Highlighting Aspects
We always focus on the following aspects in our lab
The “Two types of purpose”:
- Develop new methods/tools for NGS data:
- Software, Algorithms, or Databases.
- Addressing the Challenges in Genomic Data Analysis:
- Command-line (CLI), Web-based (Web), or Graphical User Interface (GUI).
- Require Programming and Interdisciplinary Skills.
- Do not rely on datasets.
- Purely dry experiments.
- Big Data Mining for Biomedical Research:
- Public Data, or Collaborative Research with Novel Data, or Integration of Wet and Dry Labs.
- Large-Scale Multi-omics Data in Human Diseases.
- Genetic Disorders, or Cancer genomics, or Other Diseases.
- Data-Driven Research.
- Purely dry experiments, or Predominantly dry Work with Wet-experiments Support
The characteristics of this laboratory
- This lab is contructed with the idea of both wet-lab and dry-lab. A “wet lab” refers to a traditional laboratory setting where experiments are conducted using biological or chemical materials. A “dry lab” refers to a laboratory setting where computational and analytical work is performed using computers and software tools.
- The main differences from the 100% wet lab:
- Data-driven research, where the data obtained is authentic.
- Requires the development of new methods and tools, cannot solely rely on existing tools.
- The main differences from the 100% dry lab:
- Guided by life science questions (not computer problem-solving),
- Focusing on the latest sequencing technologies.
- Does not require highly specialized computer knowledge, with an emphasis on applications.
- Both programming and biomedical knowledge are needed.

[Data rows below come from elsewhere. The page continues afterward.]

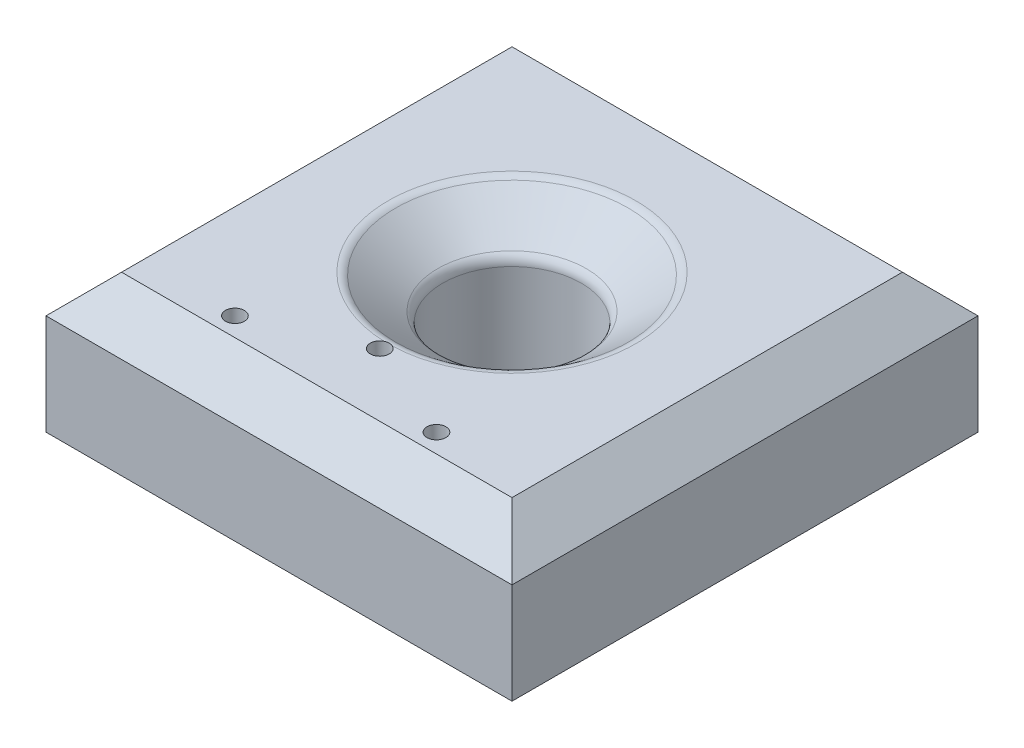
SolidWorks part; units mm, degrees
ref_plane "前视基准面" through (0, 0, 0) normal (0, 0, 1) x (1, 0, 0)
ref_plane "上视基准面" through (0, 0, 0) normal (0, 1, 0) x (1, 0, 0)
ref_plane "右视基准面" through (0, 0, 0) normal (1, 0, 0) x (0, 0, -1)
sketch "草图1" plane through (0, 0, 0) normal (0, 1, 0) x (1, 0, 0)
  line L1 (-18.5, 18.5) -> (18.5, 18.5)
  line L2 (-18.5, 18.5) -> (-18.5, -18.5)
  line L3 (-18.5, -18.5) -> (18.5, -18.5)
  line L4 (18.5, 18.5) -> (18.5, -18.5)
  line L5 (-18.5, 18.5) -> (18.5, -18.5) construction
  line L6 (-18.5, -18.5) -> (18.5, 18.5) construction
  point P0 (0, 0)
  dimension "D1" = 37
  dimension "D2" = 37
extrude "凸台-拉伸1" add sketch "草图1" along normal blind 11
sketch "草图2" plane through (0, 0, 0) normal (0, -1, 0) x (1, 0, 0)
  line L0 (-18.5, 18.5) -> (18.5, 18.5) construction
  line L1 (-18.5, -18.5) -> (-18.5, 18.5) construction
  line L2 (18.5, -18.5) -> (-18.5, -18.5) construction
  line L3 (18.5, 18.5) -> (18.5, -18.5) construction
  circle A0 centre (-16, 16) radius 1.5
  circle A1 centre (-16, -16) radius 1.5
  circle A2 centre (16, 16) radius 1.5
  circle A3 centre (16, -16) radius 1.5
  circle A4 centre (16, 4) radius 1.5
  circle A5 centre (-16, 4) radius 1.5
  circle A6 centre (0, 16) radius 1.5
  dimension "D1" = 2.5
  dimension "D2" = 2.5
  dimension "D3" = 3
  dimension "D4" = 3
  dimension "D5" = 2.5
  dimension "D6" = 2.5
  dimension "D7" = 2.5
  dimension "D8" = 3
  dimension "D9" = 2.5
  dimension "D10" = 3
  dimension "D11" = 2.5
  dimension "D12" = 3
  dimension "D13" = 2.5
  dimension "D14" = 2.5
  dimension "D15" = 12
  dimension "D16" = 3
  dimension "D17" = 2.5
  dimension "D18" = 12
  dimension "D19" = 3
  dimension "D20" = 2.5
  dimension "D21" = 0
extrude "切除-拉伸1" cut sketch "草图2" against normal blind 4
sketch "草图3" plane through (0, 0, 0) normal (0, -1, 0) x (1, 0, 0)
  circle A0 centre (0, 0) radius 5.5
  dimension "D1" = 11
extrude "切除-拉伸2" cut sketch "草图3" against normal through all
sketch "草图4" plane through (0, 0, 0) normal (0, -1, 0) x (1, 0, 0)
  line L0 (-16.5, 0.5359) -> (-16.5, -12.5359)
  line L1 (16.5, 7.4641) -> (16.5, 12.5359)
  line L2 (-3.4641, 16.5) -> (-12.5359, 16.5)
  line L8 (16.5, -16.5) -> (16.5, 16.5)
  line L9 (16.5, 16.5) -> (-16.5, 16.5)
  line L10 (-16.5, 16.5) -> (-16.5, -16.5)
  line L11 (-16.5, -16.5) -> (16.5, -16.5)
  line L12 (16.5, -12.5359) -> (16.5, 0.5359)
  line L13 (12.5359, 16.5) -> (3.4641, 16.5)
  line L14 (-16.5, 12.5359) -> (-16.5, 7.4641)
  line L15 (-12.5359, -16.5) -> (12.5359, -16.5)
  circle A2 centre (-16, 16) radius 3.5
  arc A3 (-16.5, 12.5359) -> (-12.5359, 16.5) centre (-16, 16) ccw
  circle A5 centre (-16, 4) radius 3.5
  arc A6 (-16.5, 0.5359) -> (-16.5, 7.4641) centre (-16, 4) ccw
  circle A8 centre (-16, -16) radius 3.5
  arc A9 (-12.5359, -16.5) -> (-16.5, -12.5359) centre (-16, -16) ccw
  circle A11 centre (0, 0) radius 7.5
  circle A12 centre (0, 0) radius 7.5
  circle A14 centre (0, 16) radius 3.5
  arc A15 (-3.4641, 16.5) -> (3.4641, 16.5) centre (0, 16) ccw
  circle A17 centre (16, 16) radius 3.5
  arc A18 (12.5359, 16.5) -> (16.5, 12.5359) centre (16, 16) ccw
  circle A20 centre (16, 4) radius 3.5
  arc A21 (16.5, 7.4641) -> (16.5, 0.5359) centre (16, 4) ccw
  circle A23 centre (16, -16) radius 3.5
  arc A24 (16.5, -12.5359) -> (12.5359, -16.5) centre (16, -16) ccw
  dimension "D1" = 2
  dimension "D2" = 2
  dimension "D3" = 2
  dimension "D4" = 2
  dimension "D5" = 2
  dimension "D6" = 2
  dimension "D7" = 2
  dimension "D8" = 2
  dimension "D9" = 2
extrude "切除-拉伸4" cut sketch "草图4" against normal blind 8
sketch "草图5" plane through (0, 8, 0) normal (0, -1, 0) x (1, 0, 0)
  circle A0 centre (-8, 14) radius 0.75
  circle A1 centre (0, 10.5) radius 0.75
  circle A2 centre (8, 14) radius 0.75
  dimension "D1" = 1.5
  dimension "D2" = 1.5
  dimension "D3" = 1.5
  dimension "D4" = 0
  dimension "D5" = 14
  dimension "D6" = 14
  dimension "D7" = 8
  dimension "D8" = 8
  dimension "D9" = 10.5
extrude "切除-拉伸5" cut sketch "草图5" against normal through all
sketch "草图6" plane through (0, 8, 0) normal (0, -1, 0) x (1, 0, 0)
  line L0 (-11, 12.75) -> (-3.5, 12.75)
  line L5 (-12, 11.75) -> (-4.5, 11.75)
  line L6 (-11, 17.6124) -> (-11, 12.75)
  line L7 (11, 17.6124) -> (11, 12.75)
  line L8 (12, 17.6124) -> (12, 11.75)
  line L9 (-12, 17.6124) -> (-12, 11.75)
  line L10 (-12, 17.6124) -> (-11, 17.6124)
  line L13 (12, 25.849) -> (12, 0.4173) construction
  line L15 (11, 25.849) -> (11, 0.4173) construction
  line L16 (4.5, 5.2862) -> (3.5, 5.2862)
  line L18 (-21.2509, 11.75) -> (20.9865, 11.75) construction
  line L19 (-21.2509, 12.75) -> (20.9865, 12.75) construction
  line L20 (-11, 28.0798) -> (-11, 1.8549) construction
  line L22 (-12, 28.0798) -> (-12, 1.8549) construction
  line L24 (11, 17.6124) -> (12, 17.6124)
  line L25 (-3.5, 5.2862) -> (-4.5, 5.2862)
  line L26 (4.5, 11.75) -> (4.5, 5.2862)
  line L27 (3.5, 11.75) -> (3.5, 5.2862)
  line L28 (3.5, 12.75) -> (11, 12.75)
  line L29 (4.5, 11.75) -> (12, 11.75)
  line L30 (-3.5, 11.75) -> (-3.5, 5.2862)
  line L31 (-4.5, 11.75) -> (-4.5, 5.2862)
  line L32 (-3.5, 12.75) -> (3.5, 12.75)
  line L33 (-3.5, 11.75) -> (3.5, 11.75)
  circle A6 centre (8, 14) radius 0.75 construction
  circle A7 centre (-8, 14) radius 0.75 construction
  dimension "D2" = 1.25
  dimension "D6" = 1
  dimension "D7" = 3
  dimension "D9" = 1
  dimension "D10" = 1
sketch "草图7" plane through (0, 8, 0) normal (0, -1, 0) x (1, 0, 0)
  line L0 (-4.8266, 5) -> (-4.8266, 3)
  line L1 (-13.6998, 5) -> (-4.8266, 5)
  line L2 (-13.6998, 5) -> (-13.6998, 3)
  line L3 (-13.6998, 3) -> (-4.8266, 3)
  line L4 (13.9095, 5) -> (13.9095, 3)
  line L5 (-1, -6.3066) -> (1, -6.3066)
  line L6 (-1, -6.3066) -> (-1, -17.4796)
  line L7 (-1, -17.4796) -> (1, -17.4796)
  line L8 (1, -6.3066) -> (1, -17.4796)
  line L9 (5.0122, 5) -> (5.0122, 3)
  line L10 (5.0122, 5) -> (13.9095, 5)
  line L11 (5.0122, 3) -> (13.9095, 3)
  circle A0 centre (-16, 4) radius 1.5 construction
  dimension "D1" = 2
  dimension "D2" = 2
  dimension "D3" = 1
  dimension "D4" = 1
extrude "凸台-拉伸3" add sketch "草图7" along normal blind 5
extrude "凸台-拉伸6" add sketch "草图6" along normal up to surface (8 mm away) up to face at (0, 0, 3.2143)
sketch "草图9" plane through (0, 0, 18.5) normal (0, 0, 1) x (1, 0, 0)
  line L0 (-12.5, 11) -> (-18.5, 5)
  line L1 (-18.5, 11) -> (-12.5, 11)
  line L2 (-18.5, 11) -> (-18.5, 5)
  line L5 (18.5, 11) -> (12.5, 11)
  line L6 (18.5, 11) -> (18.5, 5)
  line L9 (12.5, 11) -> (18.5, 5)
extrude "凸台-拉伸7" add sketch "草图9" against normal up to surface (37 mm away) up to face at (0, 5.5, -18.5)
sketch "草图10" plane through (-18.5, 0, 0) normal (-1, 0, 0) x (0, 0, 1)
  line L0 (-12.5, 11) -> (-18.5, 5)
  line L1 (-18.5, 11) -> (-12.5, 11)
  line L2 (-18.5, 11) -> (-18.5, 5)
  line L5 (18.5, 11) -> (12.5, 11)
  line L6 (18.5, 11) -> (18.5, 5)
  line L9 (12.5, 11) -> (18.5, 5)
extrude "凸台-拉伸8" add sketch "草图10" against normal up to surface (37 mm away) up to face at (18.5, 5.5, 0)
chamfer "倒角2" distance 3 angle 45 4 edges at (-18.5, 11, 0) (0, 11, -18.5) (18.5, 11, 0) (0, 11, 18.5)
sketch "草图11" plane through (0, 8, 0) normal (0, -1, 0) x (1, 0, 0)
  circle A2 centre (8, 14) radius 0.75
  circle A3 centre (8, 14) radius 0.75
  circle A5 centre (-8, 14) radius 0.75
  circle A6 centre (-8, 14) radius 0.75
  dimension "D1" = 0
  dimension "D2" = 0
extrude "切除-拉伸6" cut sketch "草图11" against normal through all
chamfer "倒角3" distance 3 distance2 4 1 edges at (0, 11, -5.5) first distance on face at (0, 11, -5.5)
fillet "圆角1" radius 1 1 edges at (0, 11, 9.5)
fillet "圆角2" radius 1 1 edges at (0, 8, 5.5)
equation "\"4p\"=11"

- Emphasis on collaboration and interdisciplinary approaches.
- Available for wet lab facilities, allowing for wet-lab work as support.
Lab Facilities
- CPU server 256 threads CPU,2048GB memory,200TB raid6 harddisk
- GPU server 128 threads CPU,512 GB memory,two RTX4090 GPU,100TB Raid5 harddisk
- HDD server 32 threads CPU,128GB memory,600TB raid5 harddisk
- Workstation (Linux, MacOS, Windows)
- Benches, clean benches, cell incubators, and other basic wet lab equipment.
- (Shared within our department) Advanced equipment for all commonly used molecular biological experiments.
Programing Language
Linux/Shell, Python, R, JavaScript, Docker, HTML/CSS, Django, MySQL, C++, Java.